Sabrina... So how do I have this discussion when she won't communicate? As soon as she started reading, I asked her what it was about. She really didn't tell me anything. I finally wound up reading it, in hopes that it would clue me in on her needs, fantasies, etc. I bought some toys, with the understanding that I would figure out what really turned her on. As soon as those toys came into view, she told me she wasn't interested in "that stuff". I've tried several times to invoke discussion on this, but she simply isn't sharing anything with me. I don't know how I can get her to share with me...


----------



## Gaia (Apr 27, 2012)

Well next time you bring out some toys.. just do what working posted... Say outright.. if you really don't want me to do this then say..(oranges, bananas, whatever you want to use as a safe word...) then proceed to do what you were about to do unless she says the word.


----------



## Gaia (Apr 27, 2012)

She could just be playing hard to get with you and hoping you won't give up .. but instead.. go through with it.


----------



## SabrinaBlue (Apr 18, 2012)

Your wife's lack of verbal communication means that she's gone non-verbal (see: showing cleavage). You can go non-verbal too.

She's showing more cleavage? Look directly at it, slowly raise a brow, then look up into her eyes and smirk knowingly. Turn and move on like it's no big deal. You're at the restaurant? Without looking at her, place your hand on her thigh and ... well, I can't get too graphic, but you can tease her all during dinner and up the anticipation.

And it may be later ... after the fires have died down ... that you can have some nice pillow-talk about how much experimentation you'd like to do.


----------



## Banshee (May 23, 2012)

Gaia said:


> She could just be playing hard to get with you and hoping you won't give up .. but instead.. go through with it.


...yikes.... It's taking a small army of women to help me decode my wife. I understand the "hard to get" stuff, but don't want to scare her off my being too dominant if I mistake her as "hard to get" for a "hell NO"... 

I think our safe word will be ANY fruit.. ..maybe the entire fruit bowl...

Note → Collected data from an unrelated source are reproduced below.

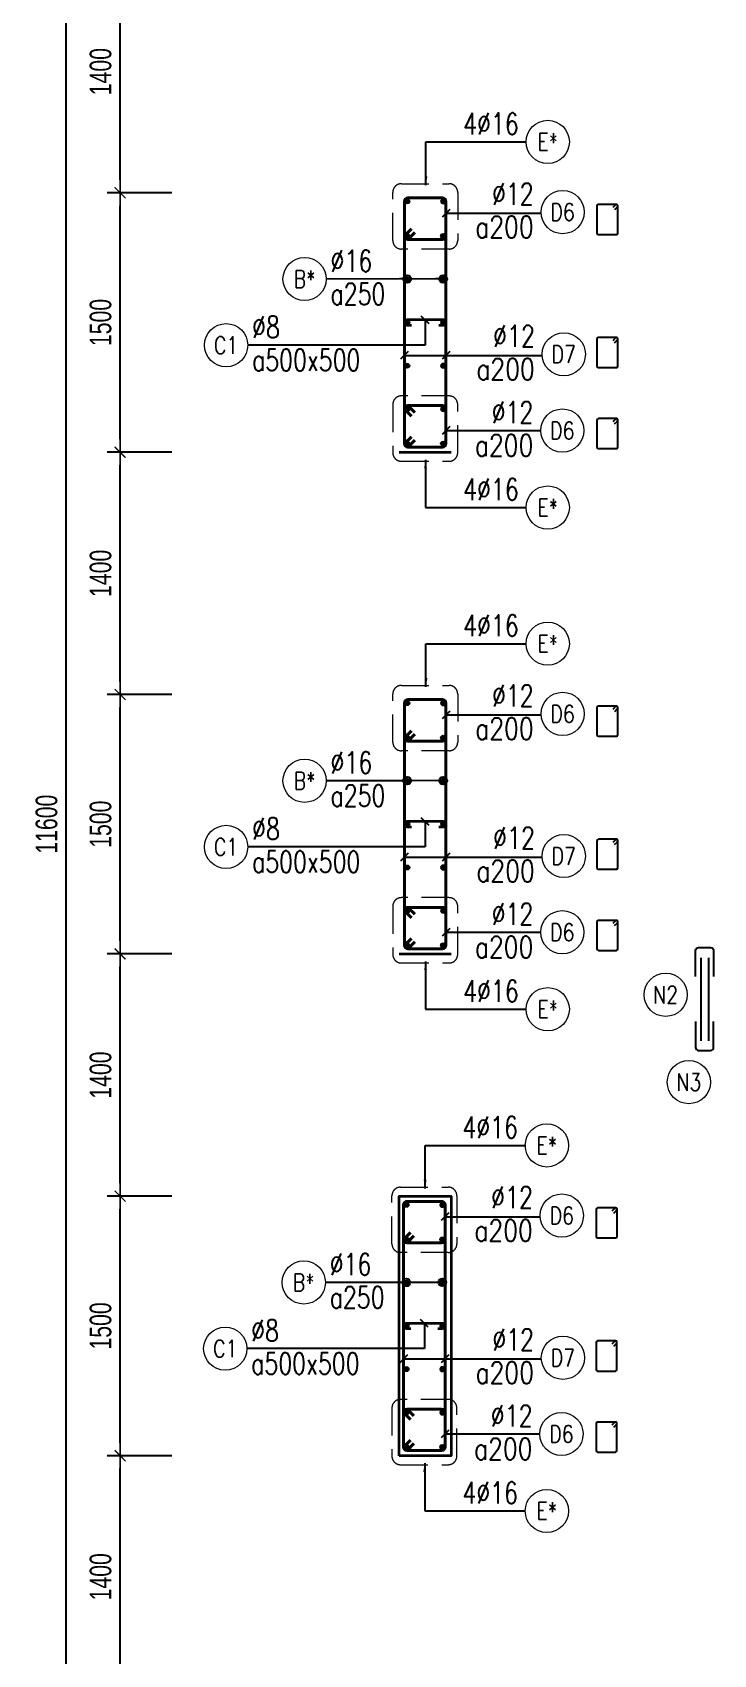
# Model space of a CAD drawing. Header units: millimetres. Extents: x 738475 to 1279438, y -34239 to 156422.
# Drawn here: x 1150921 to 1154861, y 98999 to 108375 of the extents above; entities that cross this region are included whole.
import ezdxf
from ezdxf.enums import TextEntityAlignment as Align

# ---------------------------------------------------------------- set-up
doc = ezdxf.new("R2010")
doc.units = ezdxf.units.MM
doc.header["$MEASUREMENT"] = 0
doc.linetypes.add('HIDDEN', pattern=[9.525, 6.35, -3.175])
doc.linetypes.add('HIDDEN2', pattern=[4.7625, 3.175, -1.5875])
doc.layers.get('0').update_dxf_attribs({"lineweight": 20})
doc.layers.get('Defpoints').update_dxf_attribs({"color": 151, "lineweight": 9})
doc.layers.add('Hidden', color=9, linetype='HIDDEN')
doc.layers.add('Ligature', color=1, linetype='Continuous')
for name, color, linetype, lineweight in [('KC-LEADER', 153, 'Continuous', 18), ('KC-THEP', 6, 'Continuous', 40), ('NDC_S_DIM', 1, 'Continuous', 15), ('NDC_S_HIDDEN', 8, 'HIDDEN2', 13), ('NDC_S_LEADER', 1, 'Continuous', 15), ('NDC_S_REBAR', 4, 'Continuous', 35), ('NDC_S_STIRRUP', 4, 'Continuous', 40), ('NDC_S_VN TEXT', 7, 'Continuous', 20), ('NDC_S_WALL', 6, 'Continuous', 35), ('OF_Core wall_1.2(B1-19F)$0$NDC_S_WALL', 6, 'Continuous', 35)]:
    doc.layers.add(name, color=color, linetype=linetype, lineweight=lineweight)
doc.styles.add('NDC_ARIAL', font='arial.ttf', dxfattribs={"width": 0.85})
doc.styles.add('NDC_DIM', font='', dxfattribs={"width": 0.75})
doc.styles.add('NDC_EN TXT', font='romans.shx', dxfattribs={"width": 0.8})
doc.styles.get('NDC_DIM').set_extended_font_data('Dotum')
doc.dimstyles.new('NDC_1-50', dxfattribs={"dimscale": 50, "dimtxt": 2.5, "dimasz": 1, "dimexe": 1.5, "dimexo": 0, "dimgap": 0.8, "dimtad": 1, "dimdec": 0, "dimdsep": 46, "dimtxsty": 'NDC_ARIAL', "dimblk": 'DIMMARK', "dimcen": 49999.938995, "dimdle": 1.5, "dimclrd": 1, "dimclre": 1, "dimclrt": 3, "dimadec": 0, "dimazin": 0, "dimtfac": 1, "dimtdec": 0, "dimtix": 1, "dimtmove": 2, "dimatfit": 3, "dimfxl": 1, "dimarcsym": 0})
doc.dimstyles.new('NDC_dim_30', dxfattribs={"dimscale": 30, "dimtxt": 2.5, "dimasz": 1.5, "dimexe": 1.5, "dimexo": 2.5, "dimgap": 1, "dimtad": 1, "dimdec": 0, "dimzin": 0, "dimdsep": 46, "dimtxsty": 'NDC_DIM', "dimblk": 'DIMMARK', "dimcen": 0.09, "dimdle": 1.2, "dimclrd": 1, "dimclre": 1, "dimclrt": 3, "dimadec": 0, "dimazin": 0, "dimtfac": 1, "dimtdec": 0, "dimtix": 1, "dimtofl": 0, "dimtmove": 0, "dimatfit": 3, "dimfxl": 6, "dimfxlon": 1, "dimtolj": 1, "dimtzin": 0, "dimarcsym": 0})
doc.dimstyles.new('NDC_dim_50', dxfattribs={"dimscale": 50, "dimtxt": 2.5, "dimasz": 1.5, "dimexe": 1.5, "dimexo": 2.5, "dimgap": 1, "dimtad": 1, "dimdec": 0, "dimzin": 0, "dimdsep": 46, "dimtxsty": 'NDC_DIM', "dimblk": 'DIMMARK', "dimcen": 0.09, "dimdle": 1.2, "dimclrd": 1, "dimclre": 1, "dimclrt": 3, "dimadec": 0, "dimazin": 0, "dimtfac": 1, "dimtdec": 0, "dimtix": 1, "dimtofl": 0, "dimtmove": 0, "dimatfit": 3, "dimfxl": 6, "dimfxlon": 1, "dimtolj": 1, "dimtzin": 0, "dimarcsym": 0})

# ---------------------------------------------------------------- blocks, each defined once
blk = doc.blocks.new('A$C7BC65A55')
at = {"layer": 'Ligature'}
for p, q in [((-15.2, 372, 0), (-15.2, 38.5, 0)), ((15.2, 372, 0), (15.2, 38.5, 0))]:
    blk.add_line(p, q, dxfattribs=at)
for points in [[(-36.2, 296.5), (-36.2, 400.9, -0.414214), (-24, 413.1), (24, 413.1, -0.414214), (36.2, 400.9), (36.2, 296.5)], [(-36.2, 116.5), (-36.2, 12.2, 0.414214), (-24, 0), (24, 0, 0.414214), (36.2, 12.2), (36.2, 116.5)]]:
    blk.add_lwpolyline(points, format="xyb", dxfattribs=at)
blk = doc.blocks.new('THEP')
at = {"layer": 'KC-LEADER', "color": 6}
blk.add_circle((0, 0), 14, dxfattribs=at)
at = {"layer": 'KC-THEP'}
for p, q in [((-14, 0), (14, 0)), ((9.9, 9.9), (-9.9, -9.9)), ((-9.9, 9.9), (9.9, -9.9)), ((0, 14), (0, -14))]:
    blk.add_line(p, q, dxfattribs=at)
blk = doc.blocks.new('DIMMARK')
at = {"layer": 'NDC_S_DIM', "color": 1}
blk.add_line((-1.5, 0), (1, 0), dxfattribs=at)
at = {"layer": 'NDC_S_DIM', "color": 2, "const_width": 0.1}
blk.add_lwpolyline([(-0.42, -0.42), (0.42, 0.42)], dxfattribs=at)
blk = doc.blocks.new('*U9')
blk.add_circle((2.5, 0), 2.5)
at = {"layer": 'NDC_S_VN TEXT', "color": 3, "style": 'NDC_EN TXT', "width": 0.75}
blk.add_attdef('DK2', text='', height=2.5, dxfattribs=at).set_placement((-0.85, 0.85), align=Align.RIGHT)
at = {"layer": 'NDC_S_VN TEXT', "color": 7, "style": 'NDC_EN TXT', "width": 0.8}
blk.add_attdef('SH3', text='', height=2, dxfattribs=at).set_placement((2.5, 0), align=Align.MIDDLE)
blk = doc.blocks.new('*U10')
blk.add_circle((2.5, 0), 2.5)
at = {"layer": 'NDC_S_VN TEXT', "color": 3, "style": 'NDC_EN TXT'}
for tag, width, p in [('DK2', 0.75, (-0.85, 0.85)), ('KC2', 0.8, (-0.85, -2.97))]:
    blk.add_attdef(tag, text='', height=2.5, dxfattribs=dict(at, width=width)).set_placement(p, align=Align.RIGHT)
at = {"layer": 'NDC_S_VN TEXT', "color": 7, "style": 'NDC_EN TXT', "width": 0.8}
blk.add_attdef('SH3', text='', height=2, dxfattribs=at).set_placement((2.5, 0), align=Align.MIDDLE)
blk = doc.blocks.new('*U11')
blk.add_circle((-2.5, 0), 2.5)
at = {"layer": 'NDC_S_VN TEXT', "color": 3, "style": 'NDC_EN TXT', "width": 0.75}
for tag, p in [('DK1', (0.5, 0.85)), ('KC1', (0.5, -2.97))]:
    blk.add_attdef(tag, p, '', height=2.5, dxfattribs=at)
at = {"layer": 'NDC_S_VN TEXT', "color": 7, "style": 'NDC_EN TXT', "width": 0.8}
blk.add_attdef('SH2', text='', height=2, dxfattribs=at).set_placement((-2.5, 0), align=Align.MIDDLE)
blk = doc.blocks.new('*D409')
at = {"layer": 'Defpoints', "color": 0, "ltscale": 200, "transparency": 16777216}
for p in [(1151115.9, 109598.4), (1153157, 109598.4), (1153157.1, 97998.6)]:
    blk.add_point(p, dxfattribs=at)
at = {"layer": 'NDC_S_DIM', "color": 1, "lineweight": -2, "ltscale": 200, "transparency": 16777216}
for p, q in [((1151415.9, 109598.4), (1151040.9, 109598.4)), ((1151115.9, 98073.6), (1151115.9, 109523.4)), ((1151415.9, 97998.6), (1151040.9, 97998.6))]:
    blk.add_line(p, q, dxfattribs=at)
at = {"layer": 'NDC_S_DIM', "color": 1, "lineweight": -2, "ltscale": 200, "transparency": 16777216, "xscale": 75, "yscale": 75, "zscale": 75}
for p, rotation in [((1151115.9, 109598.4), 90), ((1151115.9, 97998.6), 270)]:
    blk.add_blockref('DIMMARK', p, dxfattribs=dict(at, rotation=rotation))
at = {"layer": 'NDC_S_DIM', "color": 3, "ltscale": 200, "transparency": 16777216, "insert": (1151003.3, 103798.5), "char_height": 125, "attachment_point": 5, "rotation": 90, "style": 'NDC_DIM'}
blk.add_mtext('\\A1;11600', dxfattribs=at)
blk = doc.blocks.new('*D431')
at = {"layer": 'Defpoints', "color": 0, "ltscale": 200, "transparency": 16777216}
for p in [(1151428.5, 100148.4), (1153099.2, 100148.4), (1153343.1, 98748.4)]:
    blk.add_point(p, dxfattribs=at)
at = {"layer": 'NDC_S_DIM', "color": 1, "lineweight": -2, "ltscale": 200, "transparency": 16777216}
for p, q in [((1151728.5, 100148.4), (1151353.5, 100148.4)), ((1151428.5, 98823.4), (1151428.5, 100073.4)), ((1151728.5, 98748.4), (1151353.5, 98748.4))]:
    blk.add_line(p, q, dxfattribs=at)
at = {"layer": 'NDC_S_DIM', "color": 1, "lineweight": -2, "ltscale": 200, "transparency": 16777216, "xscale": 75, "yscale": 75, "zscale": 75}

Please remember, I'm a man. I have a very simple brain. Speak slowly and use big crayons for me...


----------



## WorkingOnMe (Mar 17, 2012)

Gaia said:


> She could just be playing hard to get with you and hoping you won't give up .. but instead.. go through with it.


Exactly. Just make sure you've established a safe word ahead of time. Like the day before, or days before.


----------



## Gaia (Apr 27, 2012)

lol well ele has a great suggestion too that i think you should try out. I know.. us women are VERY complicated.... lol


----------



## SabrinaBlue (Apr 18, 2012)

Oh, Banshee. The fact that you're willing to listen and try is awesome. :smthumbup:


----------



## Gaia (Apr 27, 2012)

Whoops!! Not ele.. meant Sabrina!! Sorry Sabrina!!


----------



## SabrinaBlue (Apr 18, 2012)

Hehe. No worries. I was like, "Wait, ele posted in here? Where was this?" Totally scrolled back looking. :rofl:


----------



## Gaia (Apr 27, 2012)

lol my minds a bit ditsy right now... am seriously considering getting this book..


----------



## *LittleDeer* (Apr 19, 2012)

Banshee as a woman who has found it very difficult to express in the past, my need for a relationship in which I am dominated, I can tell you I believe even though your wife may say she is not interested, as the other posters mentioned she definitely is. 

I would recommend you go to the site Taken In Hand, this may help you lovingly take control of the relationship. Also stop asking and take action, women love a thoughtful man who takes control on his own. 

Good luck.
_Posted via Mobile Device_


----------



## moxy (Apr 2, 2012)

Reading is not the first step toward cheating. By asking her to contain her interests and thoughts so that they don't make you uncomfortable, you are putting her in a cage. This is a terrible, terrible thing to do. She will hide more of herself from you and her spirit will shrivel and one day, she will really and truly hate you and you will probably deserve it for having done this to her. Don't go down that road. 

Please stop for a minute and think about what you're saying. You're trying to control what turns her on and makes her happy and what interests her, just to make sure she doesn't cheat on you. You're asking her to stop reading a novel just because it makes you uncomfortable. You're forgetting that she is not a tool or a piece of furniture or decoration or toy for you to manipulate as you wish and though you don't see that is what you're doing, that's how it looks to me. She is a person with a mind and heart and interests of her own. She made a commitment to be loyal, faithful, and supportive of you, not a commitment to become a half a person just because you don't like the other aspects of her.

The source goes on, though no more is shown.